Sorry Earle, but i must respectfully disagree. I know that you are one of the more learned and informed of the posters, but even with the increased pass rush, which i believe you are assuming, it still wouldn't help enough, imho, to overcome the deficiencies of a certian db who, although i love for his heart, cannot seem to "get his hips right" and cover properly. Against Utah, perhaps, but against Superman, I think we still lose this year.
 

crimson_blood

All-American
Jul 22, 2006
2,671
0
0
Helena, AL
As good as our defense was this year (and I believe will be even better in 2009), we didn't have the secondary we did in '05. That's the key to stopping the spread - the ability to play tight man coverage thus disrupting the timing routes. If we had the same secondary in '08 as we did in '05 we likely would have finished with an MNC, imo...
Bingo.

The one main difference between Fla in 2005 and 2008 is Tim Tebow...period.
 

BamaSteve999

1st Team
Oct 22, 2004
403
0
0
As a couple of posters have correctly stated, the keys to stopping (or at least slowing) the spread are (1) disrupt their timing by not allowing the receivers to get off the line of scrimmage unimpeded and (2) make good open field tackles.

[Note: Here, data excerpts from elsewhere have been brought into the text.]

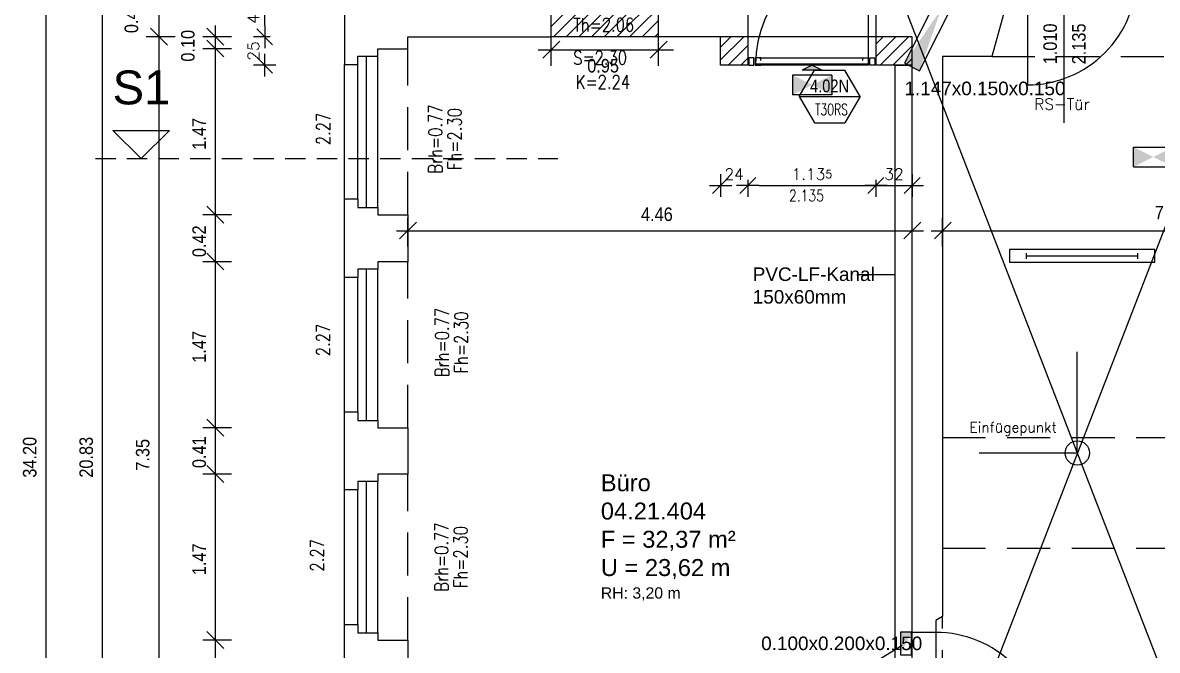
# Model space of a CAD drawing. Header units: metres. Extents: x -8 to 96, y -22 to 16.
# Drawn here: x -6.78 to 3.26, y -5.27 to 0.29 of the extents above; entities that cross this region are included whole.
import ezdxf
from ezdxf.enums import TextEntityAlignment as Align

# ---------------------------------------------------------------- set-up
doc = ezdxf.new("R2010")
doc.units = ezdxf.units.M
doc.header["$LTSCALE"] = 0.03
for name, pattern in [('AUSGEZOGEN', [0]), ('DOT', [0]), ('GESTRICHELT', [9, 6, -3]), ('STRICHLINIE', [19.05, 12.7, -6.35])]:
    doc.linetypes.add(name, pattern=pattern)
doc.layers.get('0').update_dxf_attribs({"linetype": 'CONTINUOUS'})
doc.layers.get('Defpoints').update_dxf_attribs({"linetype": 'CONTINUOUS'})
for name, color, linetype in [('A_abriss', 44, '_ABBRUCH'), ('A_ansicht', 9, 'CONTINUOUS'), ('A_bemaßung', 2, 'CONTINUOUS'), ('A_BRANDSCHUTZ', 10, 'CONTINUOUS'), ('A_EINFÜGEPUNKT', 2, 'CONTINUOUS'), ('A_fenster', 7, 'CONTINUOUS'), ('A_höhen', 3, 'CONTINUOUS'), ('A_NR_TÜR', 1, 'CONTINUOUS'), ('A_räume', 5, 'CONTINUOUS'), ('A_schraffur', 10, 'CONTINUOUS'), ('A_TECHNOLOGIE', 7, 'CONTINUOUS'), ('A_text', 2, 'CONTINUOUS'), ('A_Tuer_neu', 1, 'CONTINUOUS'), ('A_Tuernummern', 1, 'CONTINUOUS'), ('A_TXT-TUER', 1, 'CONTINUOUS'), ('A_türen', 9, 'CONTINUOUS'), ('A_verdeckt', 8, 'STRICHLINIE'), ('A_wände', 6, 'CONTINUOUS'), ('A_WÄNDE_NEU', 6, 'CONTINUOUS'), ('CKMA0002', 7, 'CONTINUOUS'), ('E__DURCHBR', 2, 'CONTINUOUS'), ('E__LEUCHTEN', 6, 'AUSGEZOGEN'), ('E__VERSYS', 2, 'AUSGEZOGEN')]:
    doc.layers.add(name, color=color, linetype=linetype)
doc.styles.add('arial-n', font='ARIALN.TTF')
doc.styles.add('BOLDSIMP_FNT', font='TXT', dxfattribs={"height": 1})
doc.styles.add('NORM', font='simplex.shx', dxfattribs={"width": 0.7, "bigfont": 'bigfont.shx'})
doc.styles.add('PITSIMP8', font='PITSIMP8.SHX')
doc.styles.add('SIMPLEX', font='simplex.shx', dxfattribs={"height": 0.1})
doc.styles.get("Standard").update_dxf_attribs({"font": 'ARIAL.TTF', "height": 1})
doc.linetypes.add('_ABBRUCH', pattern='A,25,[101,cadkon.shx,S=3.5,R=0,X=0,Y=0],25', length=50)
doc.dimstyles.get("Standard").update_dxf_attribs({"dimtxt": 0.18, "dimasz": 0.18, "dimexe": 0.18, "dimexo": 0.0625, "dimgap": 0.09, "dimtad": 0, "dimtih": 1, "dimtoh": 1, "dimzin": 0, "dimdsep": 46, "dimlunit": 3, "dimtxsty": 'Standard', "dimcen": 0.09, "dimadec": 0, "dimazin": 0, "dimtfac": 1, "dimtofl": 0, "dimtmove": 2, "dimatfit": 3, "dimfxl": 1, "dimtolj": 1, "dimtzin": 0, "dimarcsym": 0})

# ---------------------------------------------------------------- blocks, each defined once
blk = doc.blocks.new('SLASH1')
at = {"layer": 'A_bemaßung', "color": 2, "linetype": 'Continuous'}
for p, q in [((0, -0.14068), (0, 0.11466)), ((0.07663, 0.07663), (-0.07319, -0.07319))]:
    blk.add_line(p, q, dxfattribs=at)
blk = doc.blocks.new('DIMCROSS')
at = {"color": 0, "linetype": 'ByBlock'}
blk.add_line((-1, 0), (1, 0), dxfattribs=at)
at = {"linetype": 'ByBlock'}
blk.add_line((-0.707107, -0.707107), (0.707107, 0.707107), dxfattribs=at)
blk = doc.blocks.new('*D27')
at = {"layer": 'CKMA0002', "color": 1, "linetype": 'Continuous', "lineweight": -2}
for p, q in [((-4.59, 0.161), (-4.74, 0.161)), ((-4.54, -0.089), (-4.74, -0.089)), ((-4.64, -0.089), (-4.64, -0.089)), ((-4.64, -0.089), (-4.64, -0.089))]:
    blk.add_line(p, q, dxfattribs=at)
at = {"layer": 'Defpoints', "color": 0, "linetype": 'Continuous'}
for p in [(-4.64, 0.161), (-3.024, 0.161), (-2.974, -0.089)]:
    blk.add_point(p, dxfattribs=at)
at = {"layer": 'CKMA0002', "color": 1, "linetype": 'Continuous', "lineweight": -2, "xscale": 0.1, "yscale": 0.1, "zscale": 0.1}
for p, rotation in [((-4.64, 0.161), 269.9999999999996), ((-4.64, -0.089), 89.99999999999964)]:
    blk.add_blockref('DIMCROSS', p, dxfattribs=dict(at, rotation=rotation))
at = {"layer": 'CKMA0002', "color": 3, "linetype": 'Continuous', "insert": (-4.74, 0.036), "char_height": 0.1, "attachment_point": 5, "rotation": 90, "style": 'SIMPLEX'}
blk.add_mtext('\\A1;25{\\A1\\H0.7x\\S;}', dxfattribs=at)
blk = doc.blocks.new('*D28')
at = {"layer": 'CKMA0002', "color": 1, "linetype": 'Continuous', "lineweight": -2}
for p, q in [((-4.59, 0.561), (-4.74, 0.561)), ((-4.64, 0.261), (-4.64, 0.461))]:
    blk.add_line(p, q, dxfattribs=at)
at = {"layer": 'Defpoints', "color": 0, "linetype": 'Continuous'}
for p in [(-4.64, 0.561), (-3.024, 0.561), (-3.024, 0.161)]:
    blk.add_point(p, dxfattribs=at)
at = {"layer": 'CKMA0002', "color": 1, "linetype": 'Continuous', "lineweight": -2, "xscale": 0.1, "yscale": 0.1, "zscale": 0.1}
for p, rotation in [((-4.64, 0.561), 89.99999999999964), ((-4.64, 0.161), 269.9999999999996)]:
    blk.add_blockref('DIMCROSS', p, dxfattribs=dict(at, rotation=rotation))
at = {"layer": 'CKMA0002', "color": 3, "linetype": 'Continuous', "insert": (-4.74, 0.361), "char_height": 0.1, "attachment_point": 5, "rotation": 90, "style": 'SIMPLEX'}
blk.add_mtext('\\A1;40{\\A1\\H0.7x\\S;}', dxfattribs=at)
blk = doc.blocks.new('*D42')
at = {"layer": 'CKMA0002', "color": 1, "linetype": 'Continuous', "lineweight": -2}
for p, q in [((-0.604, -1.054), (-0.604, -1.254)), ((-0.364, -1.104), (-0.364, -1.254)), ((-0.604, -1.154), (-0.604, -1.154)), ((-0.604, -1.154), (-0.604, -1.154))]:
    blk.add_line(p, q, dxfattribs=at)
at = {"layer": 'Defpoints', "color": 0, "linetype": 'Continuous'}
for p in [(-0.604, -0.039), (-0.364, -0.089), (-0.364, -1.154)]:
    blk.add_point(p, dxfattribs=at)
at = {"layer": 'CKMA0002', "color": 1, "linetype": 'Continuous', "lineweight": -2, "xscale": 0.1, "yscale": 0.1, "zscale": 0.1}
for p, rotation in [((-0.604, -1.154), 359.9999999999991), ((-0.364, -1.154), 179.999999999999)]:
    blk.add_blockref('DIMCROSS', p, dxfattribs=dict(at, rotation=rotation))
at = {"layer": 'CKMA0002', "color": 3, "linetype": 'Continuous', "insert": (-0.484, -1.054), "char_height": 0.1, "attachment_point": 5, "style": 'SIMPLEX'}
blk.add_mtext('\\A1;24{\\A1\\H0.7x\\S;}', dxfattribs=at)
blk = doc.blocks.new('*D43')
at = {"layer": 'CKMA0002', "color": 1, "linetype": 'Continuous', "lineweight": -2}
for p, q in [((0.771, -1.104), (0.771, -1.254)), ((-0.264, -1.154), (0.671, -1.154))]:
    blk.add_line(p, q, dxfattribs=at)
at = {"layer": 'Defpoints', "color": 0, "linetype": 'Continuous'}
for p in [(-0.364, -0.089), (0.771, -0.089), (0.771, -1.154)]:
    blk.add_point(p, dxfattribs=at)
at = {"layer": 'CKMA0002', "color": 1, "linetype": 'Continuous', "lineweight": -2, "xscale": 0.1, "yscale": 0.1, "zscale": 0.1}
for p, rotation in [((-0.364, -1.154), 179.999999999999), ((0.771, -1.154), 359.9999999999991)]:
    blk.add_blockref('DIMCROSS', p, dxfattribs=dict(at, rotation=rotation))
at = {"layer": 'CKMA0002', "color": 3, "linetype": 'Continuous', "insert": (0.203, -1.054), "char_height": 0.1, "attachment_point": 5, "style": 'SIMPLEX'}
blk.add_mtext('\\A1;1.13{\\A1\\H0.7x\\S5;}', dxfattribs=at)
blk = doc.blocks.new('*D44')
at = {"layer": 'CKMA0002', "color": 1, "linetype": 'Continuous', "lineweight": -2}
for p, q in [((1.091, -1.054), (1.091, -1.254)), ((0.871, -1.154), (0.991, -1.154))]:
    blk.add_line(p, q, dxfattribs=at)
at = {"layer": 'Defpoints', "color": 0, "linetype": 'Continuous'}
for p in [(0.771, -0.089), (1.091, -0.96), (1.091, -1.154)]:
    blk.add_point(p, dxfattribs=at)
at = {"layer": 'CKMA0002', "color": 1, "linetype": 'Continuous', "lineweight": -2, "xscale": 0.1, "yscale": 0.1, "zscale": 0.1}
for p, rotation in [((0.771, -1.154), 179.999999999999), ((1.091, -1.154), 359.9999999999991)]:
    blk.add_blockref('DIMCROSS', p, dxfattribs=dict(at, rotation=rotation))
at = {"layer": 'CKMA0002', "color": 3, "linetype": 'Continuous', "insert": (0.931, -1.054), "char_height": 0.1, "attachment_point": 5, "style": 'SIMPLEX'}
blk.add_mtext('\\A1;32{\\A1\\H0.7x\\S;}', dxfattribs=at)
blk = doc.blocks.new('Tür-Nr')
at = {"layer": 'A_NR_TÜR'}
for p, q in [((-0.057, -108.865), (0.077, -108.632)), ((0.077, -108.632), (0.347, -108.632)), ((0.481, -108.865), (0.347, -108.632)), ((-0.057, -108.865), (0.481, -108.865)), ((-0.057, -108.865), (0.077, -109.098)), ((0.481, -108.865), (0.347, -109.098)), ((0.077, -109.098), (0.347, -109.098))]:
    blk.add_line(p, q, dxfattribs=at)
at = {"layer": 'A_TXT-TUER', "style": 'arial-n', "flags": 4}
blk.add_attdef('TÜR-NR.', text='', height=0.113, dxfattribs=at).set_placement((0.211, -108.772), align=Align.MIDDLE_CENTER)
at = {"layer": 'A_TXT-TUER', "style": 'NORM', "width": 0.7}
for tag, flags, p in [('BRANDSCHUTZ', 4, (0.229, -108.981)), ('DIN', 5, (0.214, -109.198)), ('ABMESSUNG', 5, (0.214, -109.333)), ('MATERIAL', 5, (0.214, -109.467)), ('WANDART', 5, (0.214, -109.601)), ('ZARGE', 5, (0.214, -109.736)), ('SCHLOSS', 5, (0.214, -109.87)), ('BESCHLÄGE', 5, (0.214, -110.005)), ('SONSTIGES', 5, (0.214, -110.139))]:
    blk.add_attdef(tag, text='', height=0.0784, dxfattribs=dict(at, flags=flags)).set_placement(p, align=Align.MIDDLE_CENTER)
blk = doc.blocks.new('A$C07CB0733')
at = {"layer": 'E__VERSYS', "color": 7, "linetype": 'Continuous', "ltscale": 5}
blk.add_line((5.077, 15.393), (4.151, 14.83), dxfattribs=at)
blk = doc.blocks.new('A$C271471D4')
at = {"layer": 'E__VERSYS', "color": 3, "linetype": 'Continuous'}
for p, q in [((5.015, 13.435), (5.015, 20.53)), ((5.015, 20.53), (5.165, 20.53)), ((5.165, 13.435), (5.165, 20.53))]:
    blk.add_line(p, q, dxfattribs=at)
at = {"layer": 'E__VERSYS', "color": 7, "linetype": 'Continuous', "ltscale": 5}
blk.add_line((5.015, 18.675), (4.676, 18.675), dxfattribs=at)
at = {"layer": 'E__VERSYS', "color": 7, "insert": (3.754, 18.418), "char_height": 0.12, "attachment_point": 7}
blk.add_mtext('PVC-LF-Kanal \\P150x60mm', dxfattribs=at)
blk = doc.blocks.new('2DEL_457')
for p, q in [((-0.3844, -0.2363), (-0.3844, 0.2363)), ((0.3844, -0.2363), (0.3844, 0.2363)), ((-0.3844, 0), (0.3844, 0))]:
    blk.add_line(p, q)
blk.add_lwpolyline([(-0.5, -0.5), (0.5, -0.5), (0.5, 0.5), (-0.5, 0.5)], close=True)
at = {"style": 'PITSIMP8', "flags": 9}
for tag, p in [('RAUM/GRUPPE', (-0.0298, 0.1593)), ('BEZEICHNUNG', (-0.0298, 0.1793)), ('POS.NR.G-LV', (-0.0298, 0.1393)), ('KENNUNG', (-0.0298, 0.0793)), ('FABRIKAT', (-0.0298, 0.1193)), ('TYP', (-0.0298, 0.0993)), ('VOLUMENSTROM', (-0.0298, 0.0393)), ('DRUCK/-STUFE', (-0.0298, 0.0193)), ('ANSCHLUSS', (-0.0298, -0.0007)), ('LEISTUNG', (-0.0298, 0.0593)), ('TEMPERATUR', (-0.0298, -0.0607)), ('DREHZAHL', (-0.0298, -0.0807)), ('GROESSE', (-0.0298, -0.0207)), ('DN', (-0.0298, -0.0407)), ('SPANNUNG/FREQUENZ', (-0.0298, -0.1207)), ('SCHUTZART', (-0.0298, -0.1007)), ('GEWICHT', (-0.0298, -0.1407)), ('FREI', (-0.0298, -0.1607)), ('FREI', (-0.0298, -0.1807)), ('FREI', (-0.0298, -0.2007))]:
    blk.add_attdef(tag, text='', height=0.01, dxfattribs=at).set_placement(p, align=Align.MIDDLE)
blk = doc.blocks.new('PL_PR')
at = {"color": 3}
for p, q in [((123.3, 155), (92.1, 217.5)), ((92.1, 217.5), (92.1, 92.5)), ((123.3, 155), (92.1, 92.5)), ((-126.7, -63.8), (-126.7, 61.2)), ((-126.7, 61.2), (123.3, 61.2)), ((123.3, -63.8), (123.3, 61.2)), ((-126.7, -63.8), (123.3, -63.8)), ((92.1, -220), (92.1, -95)), ((123.3, -157.5), (92.1, -95)), ((123.3, -157.5), (92.1, -220))]:
    blk.add_line(p, q, dxfattribs=at)
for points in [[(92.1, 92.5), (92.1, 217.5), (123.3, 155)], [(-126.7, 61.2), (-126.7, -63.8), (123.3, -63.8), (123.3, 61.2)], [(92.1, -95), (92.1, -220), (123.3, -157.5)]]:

As much as we like to talk about pressure on the QB, unless you disrupt routes in the spread you are not going to get much pressure on the QB because the ball will come out too fast on timing. This requires DBs who are not afraid to snug up at the LOS, and you can't consistently allow receivers to cut across your face to the middle and be wide open (see Sugar Bowl) unless you have coverage coming from the backside and are trying to bait that throw.

Also, since the "passing" spread, for all the talk about it, is no more than an attempt to get the ball to great skill players in space, you have to make sure tackles. Again, see the Sugar Bowl for what happens when you give up a lot of YAC.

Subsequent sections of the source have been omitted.